TASK: The lines needed are those below that contain the word "ezdxf"; copy each one.

Items from a data source
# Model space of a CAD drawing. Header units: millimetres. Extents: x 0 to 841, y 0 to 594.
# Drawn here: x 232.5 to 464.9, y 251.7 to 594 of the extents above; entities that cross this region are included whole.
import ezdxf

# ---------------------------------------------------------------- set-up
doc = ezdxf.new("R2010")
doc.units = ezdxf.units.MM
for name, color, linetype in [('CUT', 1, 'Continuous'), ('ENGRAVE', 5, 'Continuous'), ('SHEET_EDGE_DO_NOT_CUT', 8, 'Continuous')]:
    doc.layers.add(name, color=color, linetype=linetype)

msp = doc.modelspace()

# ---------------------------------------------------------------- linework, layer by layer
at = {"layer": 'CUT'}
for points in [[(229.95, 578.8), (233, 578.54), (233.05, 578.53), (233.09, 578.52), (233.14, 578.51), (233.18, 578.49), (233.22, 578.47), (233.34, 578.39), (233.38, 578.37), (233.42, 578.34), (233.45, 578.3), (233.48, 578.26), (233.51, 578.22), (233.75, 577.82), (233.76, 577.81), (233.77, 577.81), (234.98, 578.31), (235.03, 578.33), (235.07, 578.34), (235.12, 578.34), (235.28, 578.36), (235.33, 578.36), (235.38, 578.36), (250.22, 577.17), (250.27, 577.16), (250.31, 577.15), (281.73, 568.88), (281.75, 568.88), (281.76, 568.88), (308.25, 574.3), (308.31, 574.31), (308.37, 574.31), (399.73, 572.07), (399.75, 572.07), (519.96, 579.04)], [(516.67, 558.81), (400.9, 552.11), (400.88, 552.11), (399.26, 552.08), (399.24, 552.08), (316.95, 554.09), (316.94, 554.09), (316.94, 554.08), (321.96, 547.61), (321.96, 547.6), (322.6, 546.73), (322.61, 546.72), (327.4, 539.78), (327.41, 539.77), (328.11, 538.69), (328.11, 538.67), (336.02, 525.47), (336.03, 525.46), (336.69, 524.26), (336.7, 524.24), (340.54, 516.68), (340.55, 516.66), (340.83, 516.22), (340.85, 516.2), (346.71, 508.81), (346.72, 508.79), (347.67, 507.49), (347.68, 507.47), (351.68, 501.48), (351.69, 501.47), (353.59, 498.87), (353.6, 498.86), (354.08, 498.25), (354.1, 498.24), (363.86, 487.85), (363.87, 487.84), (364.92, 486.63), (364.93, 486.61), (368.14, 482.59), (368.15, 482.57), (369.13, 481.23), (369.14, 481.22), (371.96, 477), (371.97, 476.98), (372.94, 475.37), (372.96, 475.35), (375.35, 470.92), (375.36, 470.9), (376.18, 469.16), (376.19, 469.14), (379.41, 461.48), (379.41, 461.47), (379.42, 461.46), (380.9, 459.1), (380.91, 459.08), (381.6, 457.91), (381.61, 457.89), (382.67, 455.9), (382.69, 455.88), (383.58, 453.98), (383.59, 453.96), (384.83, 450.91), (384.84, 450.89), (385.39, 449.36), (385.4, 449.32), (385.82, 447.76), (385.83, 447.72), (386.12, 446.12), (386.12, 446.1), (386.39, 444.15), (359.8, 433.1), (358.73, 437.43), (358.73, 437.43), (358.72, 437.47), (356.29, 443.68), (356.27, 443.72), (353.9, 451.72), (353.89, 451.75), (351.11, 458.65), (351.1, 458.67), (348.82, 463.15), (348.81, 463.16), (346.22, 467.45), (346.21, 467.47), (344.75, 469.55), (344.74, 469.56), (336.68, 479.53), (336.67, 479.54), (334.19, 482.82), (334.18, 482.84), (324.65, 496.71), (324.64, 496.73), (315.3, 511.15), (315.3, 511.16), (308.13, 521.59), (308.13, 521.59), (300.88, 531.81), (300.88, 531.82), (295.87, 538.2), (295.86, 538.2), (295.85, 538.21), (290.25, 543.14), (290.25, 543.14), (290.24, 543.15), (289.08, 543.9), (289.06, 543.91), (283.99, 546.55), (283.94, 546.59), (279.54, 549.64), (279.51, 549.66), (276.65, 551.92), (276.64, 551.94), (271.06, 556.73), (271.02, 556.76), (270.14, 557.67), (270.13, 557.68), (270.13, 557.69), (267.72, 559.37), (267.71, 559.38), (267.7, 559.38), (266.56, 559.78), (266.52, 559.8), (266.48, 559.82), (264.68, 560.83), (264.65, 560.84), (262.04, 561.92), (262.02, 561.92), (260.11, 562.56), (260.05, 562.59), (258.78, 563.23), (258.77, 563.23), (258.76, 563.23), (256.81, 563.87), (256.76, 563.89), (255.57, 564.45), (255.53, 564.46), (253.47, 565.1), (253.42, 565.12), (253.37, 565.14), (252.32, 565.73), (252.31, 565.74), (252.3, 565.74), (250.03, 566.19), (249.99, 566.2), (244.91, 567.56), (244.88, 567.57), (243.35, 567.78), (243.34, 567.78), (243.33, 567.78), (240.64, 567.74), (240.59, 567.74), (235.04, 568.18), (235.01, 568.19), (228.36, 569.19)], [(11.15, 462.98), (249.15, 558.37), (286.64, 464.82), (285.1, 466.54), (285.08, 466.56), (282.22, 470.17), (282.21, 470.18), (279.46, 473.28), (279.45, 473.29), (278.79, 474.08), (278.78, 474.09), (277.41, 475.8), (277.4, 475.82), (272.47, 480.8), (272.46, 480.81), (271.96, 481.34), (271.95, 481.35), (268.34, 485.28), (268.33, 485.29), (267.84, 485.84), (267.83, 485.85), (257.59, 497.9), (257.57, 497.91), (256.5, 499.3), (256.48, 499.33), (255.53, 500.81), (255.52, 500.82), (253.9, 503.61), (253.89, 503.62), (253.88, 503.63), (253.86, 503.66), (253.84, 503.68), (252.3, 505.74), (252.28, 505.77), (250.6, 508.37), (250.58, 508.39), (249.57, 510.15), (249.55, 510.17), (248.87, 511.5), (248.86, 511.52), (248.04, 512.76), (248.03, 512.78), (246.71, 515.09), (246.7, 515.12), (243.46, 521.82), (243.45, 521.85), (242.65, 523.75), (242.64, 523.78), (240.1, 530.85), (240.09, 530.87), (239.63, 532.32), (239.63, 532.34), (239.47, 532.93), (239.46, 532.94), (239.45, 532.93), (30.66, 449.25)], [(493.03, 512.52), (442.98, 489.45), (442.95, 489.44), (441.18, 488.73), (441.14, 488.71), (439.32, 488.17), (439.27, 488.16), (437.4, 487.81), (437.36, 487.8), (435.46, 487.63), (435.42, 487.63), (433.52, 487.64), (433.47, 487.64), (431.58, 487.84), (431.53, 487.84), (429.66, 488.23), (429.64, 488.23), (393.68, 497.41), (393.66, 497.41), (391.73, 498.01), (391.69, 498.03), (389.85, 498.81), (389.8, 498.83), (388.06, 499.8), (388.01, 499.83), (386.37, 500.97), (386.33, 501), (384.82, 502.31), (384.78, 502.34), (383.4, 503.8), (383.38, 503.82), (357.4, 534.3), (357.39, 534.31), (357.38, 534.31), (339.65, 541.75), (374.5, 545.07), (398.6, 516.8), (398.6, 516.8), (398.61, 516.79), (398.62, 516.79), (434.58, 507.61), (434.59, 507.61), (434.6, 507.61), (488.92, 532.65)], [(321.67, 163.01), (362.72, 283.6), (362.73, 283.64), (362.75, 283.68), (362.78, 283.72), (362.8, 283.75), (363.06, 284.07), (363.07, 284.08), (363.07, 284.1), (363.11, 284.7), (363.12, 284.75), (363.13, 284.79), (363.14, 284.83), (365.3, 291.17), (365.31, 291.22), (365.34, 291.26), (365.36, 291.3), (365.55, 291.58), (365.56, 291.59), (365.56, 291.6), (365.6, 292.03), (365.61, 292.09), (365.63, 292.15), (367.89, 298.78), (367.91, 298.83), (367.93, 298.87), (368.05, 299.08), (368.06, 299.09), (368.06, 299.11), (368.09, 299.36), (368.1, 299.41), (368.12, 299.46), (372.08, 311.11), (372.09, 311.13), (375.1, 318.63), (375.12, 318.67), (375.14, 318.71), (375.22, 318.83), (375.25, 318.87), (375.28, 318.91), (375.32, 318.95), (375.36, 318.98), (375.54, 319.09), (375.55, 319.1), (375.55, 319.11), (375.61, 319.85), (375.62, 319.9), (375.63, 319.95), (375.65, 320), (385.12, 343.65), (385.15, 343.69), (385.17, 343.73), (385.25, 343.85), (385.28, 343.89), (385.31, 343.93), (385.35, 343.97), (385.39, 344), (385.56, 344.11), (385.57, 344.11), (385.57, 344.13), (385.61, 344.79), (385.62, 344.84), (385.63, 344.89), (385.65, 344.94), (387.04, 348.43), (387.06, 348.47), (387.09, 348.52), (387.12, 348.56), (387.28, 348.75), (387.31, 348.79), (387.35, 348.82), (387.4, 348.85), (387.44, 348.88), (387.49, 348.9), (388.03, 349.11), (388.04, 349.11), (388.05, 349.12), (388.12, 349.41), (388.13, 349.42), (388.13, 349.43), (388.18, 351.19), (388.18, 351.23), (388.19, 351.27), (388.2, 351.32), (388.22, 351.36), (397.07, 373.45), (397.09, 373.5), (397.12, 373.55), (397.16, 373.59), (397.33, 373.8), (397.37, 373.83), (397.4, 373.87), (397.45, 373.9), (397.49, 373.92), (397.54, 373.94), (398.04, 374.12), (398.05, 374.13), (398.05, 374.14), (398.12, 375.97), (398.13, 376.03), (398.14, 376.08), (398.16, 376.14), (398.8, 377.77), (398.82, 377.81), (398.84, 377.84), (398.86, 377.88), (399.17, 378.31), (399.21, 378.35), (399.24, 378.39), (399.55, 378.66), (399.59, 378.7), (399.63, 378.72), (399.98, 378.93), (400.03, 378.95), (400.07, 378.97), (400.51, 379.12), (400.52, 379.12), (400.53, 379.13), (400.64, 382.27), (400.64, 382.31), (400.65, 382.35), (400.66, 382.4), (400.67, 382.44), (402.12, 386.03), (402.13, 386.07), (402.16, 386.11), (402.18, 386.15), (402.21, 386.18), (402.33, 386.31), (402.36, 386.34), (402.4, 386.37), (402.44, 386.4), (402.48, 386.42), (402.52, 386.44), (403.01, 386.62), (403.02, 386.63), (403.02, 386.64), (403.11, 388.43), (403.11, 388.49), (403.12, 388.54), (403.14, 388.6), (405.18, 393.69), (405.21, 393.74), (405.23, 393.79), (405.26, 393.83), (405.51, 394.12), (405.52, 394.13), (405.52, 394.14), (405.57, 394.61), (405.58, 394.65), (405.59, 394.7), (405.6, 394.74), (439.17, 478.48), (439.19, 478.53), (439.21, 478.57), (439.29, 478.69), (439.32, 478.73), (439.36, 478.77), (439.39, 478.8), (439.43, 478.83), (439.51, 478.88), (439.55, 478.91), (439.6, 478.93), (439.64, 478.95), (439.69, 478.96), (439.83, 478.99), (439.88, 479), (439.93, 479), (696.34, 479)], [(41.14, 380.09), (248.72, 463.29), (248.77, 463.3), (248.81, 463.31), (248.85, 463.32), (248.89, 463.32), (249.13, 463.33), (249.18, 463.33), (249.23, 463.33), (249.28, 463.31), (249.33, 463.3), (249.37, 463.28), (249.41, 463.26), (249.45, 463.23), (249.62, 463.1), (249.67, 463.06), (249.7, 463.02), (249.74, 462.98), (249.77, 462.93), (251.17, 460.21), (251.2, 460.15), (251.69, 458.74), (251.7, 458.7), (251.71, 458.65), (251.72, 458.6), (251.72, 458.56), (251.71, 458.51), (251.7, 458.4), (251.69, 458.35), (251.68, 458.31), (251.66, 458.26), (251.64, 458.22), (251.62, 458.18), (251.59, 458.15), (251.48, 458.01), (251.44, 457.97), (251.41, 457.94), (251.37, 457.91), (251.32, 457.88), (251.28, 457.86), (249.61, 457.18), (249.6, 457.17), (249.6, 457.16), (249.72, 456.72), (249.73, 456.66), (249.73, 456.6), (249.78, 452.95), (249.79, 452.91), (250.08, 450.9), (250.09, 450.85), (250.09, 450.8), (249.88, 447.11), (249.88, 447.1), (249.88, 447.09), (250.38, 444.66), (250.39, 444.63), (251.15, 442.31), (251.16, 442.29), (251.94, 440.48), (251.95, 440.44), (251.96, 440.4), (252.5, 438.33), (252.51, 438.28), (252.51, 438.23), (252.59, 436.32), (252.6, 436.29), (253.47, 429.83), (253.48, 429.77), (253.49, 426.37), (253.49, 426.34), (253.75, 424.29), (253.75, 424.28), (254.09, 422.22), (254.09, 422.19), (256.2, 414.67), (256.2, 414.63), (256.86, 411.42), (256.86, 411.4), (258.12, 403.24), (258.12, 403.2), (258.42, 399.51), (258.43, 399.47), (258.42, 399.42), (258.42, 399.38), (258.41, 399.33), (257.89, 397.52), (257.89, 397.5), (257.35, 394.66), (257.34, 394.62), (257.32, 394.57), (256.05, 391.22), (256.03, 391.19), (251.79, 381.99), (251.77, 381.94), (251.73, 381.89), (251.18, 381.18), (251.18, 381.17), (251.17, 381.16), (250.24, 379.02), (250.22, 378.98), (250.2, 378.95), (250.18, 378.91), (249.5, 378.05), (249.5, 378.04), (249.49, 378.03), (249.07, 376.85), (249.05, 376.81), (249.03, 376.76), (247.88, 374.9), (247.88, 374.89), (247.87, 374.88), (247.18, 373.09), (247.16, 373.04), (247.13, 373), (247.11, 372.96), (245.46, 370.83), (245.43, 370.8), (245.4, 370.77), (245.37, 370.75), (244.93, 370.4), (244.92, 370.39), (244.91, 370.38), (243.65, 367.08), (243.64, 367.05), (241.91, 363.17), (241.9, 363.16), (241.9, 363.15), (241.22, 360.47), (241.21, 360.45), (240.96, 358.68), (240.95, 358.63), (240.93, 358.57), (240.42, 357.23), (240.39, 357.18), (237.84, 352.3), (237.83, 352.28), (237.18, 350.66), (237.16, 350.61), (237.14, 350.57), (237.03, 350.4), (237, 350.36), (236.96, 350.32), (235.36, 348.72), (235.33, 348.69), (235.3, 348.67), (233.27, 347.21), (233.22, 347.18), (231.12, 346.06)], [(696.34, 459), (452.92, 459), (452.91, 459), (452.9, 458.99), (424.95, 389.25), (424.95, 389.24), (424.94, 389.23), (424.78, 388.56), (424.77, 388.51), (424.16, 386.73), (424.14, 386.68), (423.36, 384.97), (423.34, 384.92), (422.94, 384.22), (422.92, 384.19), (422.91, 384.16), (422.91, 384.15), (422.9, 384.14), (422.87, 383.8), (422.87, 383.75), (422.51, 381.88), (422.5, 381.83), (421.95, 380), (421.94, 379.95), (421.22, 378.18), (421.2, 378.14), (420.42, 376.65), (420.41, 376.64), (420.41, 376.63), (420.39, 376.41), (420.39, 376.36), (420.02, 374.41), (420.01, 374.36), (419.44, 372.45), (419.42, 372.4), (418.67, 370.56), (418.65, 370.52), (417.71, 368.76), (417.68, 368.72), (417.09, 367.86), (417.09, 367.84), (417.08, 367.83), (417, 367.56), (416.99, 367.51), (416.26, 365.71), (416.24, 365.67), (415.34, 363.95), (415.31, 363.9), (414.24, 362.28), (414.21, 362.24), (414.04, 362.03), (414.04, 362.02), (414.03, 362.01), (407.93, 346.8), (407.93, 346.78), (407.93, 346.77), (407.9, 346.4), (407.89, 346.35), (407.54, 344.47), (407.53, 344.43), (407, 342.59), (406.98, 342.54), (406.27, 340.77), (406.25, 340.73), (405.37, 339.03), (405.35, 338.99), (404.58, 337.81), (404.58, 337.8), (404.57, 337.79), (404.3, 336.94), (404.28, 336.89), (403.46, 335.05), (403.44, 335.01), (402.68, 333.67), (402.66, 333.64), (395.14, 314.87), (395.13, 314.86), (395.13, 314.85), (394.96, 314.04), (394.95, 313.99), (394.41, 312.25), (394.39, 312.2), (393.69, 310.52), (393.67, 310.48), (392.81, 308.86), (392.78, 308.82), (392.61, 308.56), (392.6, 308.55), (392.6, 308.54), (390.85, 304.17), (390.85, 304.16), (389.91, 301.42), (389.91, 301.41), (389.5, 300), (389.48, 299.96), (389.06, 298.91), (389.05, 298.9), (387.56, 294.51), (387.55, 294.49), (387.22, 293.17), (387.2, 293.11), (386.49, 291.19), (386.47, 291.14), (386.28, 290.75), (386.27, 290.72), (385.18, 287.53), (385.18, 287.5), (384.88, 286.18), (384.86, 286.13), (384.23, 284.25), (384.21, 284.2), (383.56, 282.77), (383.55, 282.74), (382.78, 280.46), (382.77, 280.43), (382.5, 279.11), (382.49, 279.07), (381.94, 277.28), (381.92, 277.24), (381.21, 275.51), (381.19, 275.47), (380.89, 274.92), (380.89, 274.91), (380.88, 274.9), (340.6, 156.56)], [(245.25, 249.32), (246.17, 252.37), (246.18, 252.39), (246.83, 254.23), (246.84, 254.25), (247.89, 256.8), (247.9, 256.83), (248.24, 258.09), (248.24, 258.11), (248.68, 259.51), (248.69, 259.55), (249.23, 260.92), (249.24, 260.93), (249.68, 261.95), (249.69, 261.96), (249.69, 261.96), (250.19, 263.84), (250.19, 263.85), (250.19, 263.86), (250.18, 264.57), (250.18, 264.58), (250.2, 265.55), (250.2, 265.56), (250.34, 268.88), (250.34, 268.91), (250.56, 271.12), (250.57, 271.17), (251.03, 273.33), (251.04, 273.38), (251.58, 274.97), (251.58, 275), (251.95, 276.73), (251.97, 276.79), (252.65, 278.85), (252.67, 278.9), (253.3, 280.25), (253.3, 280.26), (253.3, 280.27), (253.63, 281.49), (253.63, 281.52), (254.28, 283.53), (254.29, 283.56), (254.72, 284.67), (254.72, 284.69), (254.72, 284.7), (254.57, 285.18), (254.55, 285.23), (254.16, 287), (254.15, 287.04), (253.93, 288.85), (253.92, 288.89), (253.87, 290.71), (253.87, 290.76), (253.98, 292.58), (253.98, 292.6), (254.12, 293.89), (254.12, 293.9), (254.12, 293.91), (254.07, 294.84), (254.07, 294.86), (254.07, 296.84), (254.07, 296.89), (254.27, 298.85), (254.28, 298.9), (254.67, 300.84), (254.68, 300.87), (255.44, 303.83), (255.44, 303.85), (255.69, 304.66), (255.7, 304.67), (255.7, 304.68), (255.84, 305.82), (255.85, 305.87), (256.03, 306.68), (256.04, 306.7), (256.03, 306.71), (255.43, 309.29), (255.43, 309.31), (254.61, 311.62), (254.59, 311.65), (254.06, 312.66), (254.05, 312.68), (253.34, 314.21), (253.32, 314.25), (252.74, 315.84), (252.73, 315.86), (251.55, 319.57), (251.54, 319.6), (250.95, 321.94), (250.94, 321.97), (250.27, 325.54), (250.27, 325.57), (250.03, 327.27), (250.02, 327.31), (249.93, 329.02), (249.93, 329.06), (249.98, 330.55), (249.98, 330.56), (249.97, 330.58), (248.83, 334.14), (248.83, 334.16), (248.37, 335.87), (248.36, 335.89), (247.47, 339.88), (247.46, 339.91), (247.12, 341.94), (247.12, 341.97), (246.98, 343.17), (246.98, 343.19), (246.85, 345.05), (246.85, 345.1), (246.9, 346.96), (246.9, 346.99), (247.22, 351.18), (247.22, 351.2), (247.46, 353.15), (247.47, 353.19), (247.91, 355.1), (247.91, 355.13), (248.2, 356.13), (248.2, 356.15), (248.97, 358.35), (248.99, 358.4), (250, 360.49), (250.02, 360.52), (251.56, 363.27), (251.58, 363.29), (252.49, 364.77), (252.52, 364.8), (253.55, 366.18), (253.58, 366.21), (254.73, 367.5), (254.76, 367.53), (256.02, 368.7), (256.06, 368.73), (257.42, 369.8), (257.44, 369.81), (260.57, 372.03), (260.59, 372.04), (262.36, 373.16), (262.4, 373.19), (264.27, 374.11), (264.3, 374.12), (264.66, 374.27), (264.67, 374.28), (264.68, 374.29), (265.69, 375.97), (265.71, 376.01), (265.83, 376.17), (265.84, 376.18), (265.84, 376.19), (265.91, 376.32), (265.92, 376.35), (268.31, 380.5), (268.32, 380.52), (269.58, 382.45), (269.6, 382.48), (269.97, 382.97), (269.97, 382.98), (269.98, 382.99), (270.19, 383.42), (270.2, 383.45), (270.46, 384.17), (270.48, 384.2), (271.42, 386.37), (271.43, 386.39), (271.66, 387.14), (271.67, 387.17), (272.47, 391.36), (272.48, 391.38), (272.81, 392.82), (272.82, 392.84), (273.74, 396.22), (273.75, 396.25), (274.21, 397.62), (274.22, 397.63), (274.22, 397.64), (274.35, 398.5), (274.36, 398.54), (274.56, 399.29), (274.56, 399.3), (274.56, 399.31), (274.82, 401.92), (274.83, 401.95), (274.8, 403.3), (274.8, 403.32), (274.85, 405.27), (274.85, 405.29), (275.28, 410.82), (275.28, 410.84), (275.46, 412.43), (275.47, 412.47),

TASK RESULT:
import ezdxf
doc = ezdxf.new("R2010")
doc.units = ezdxf.units.MM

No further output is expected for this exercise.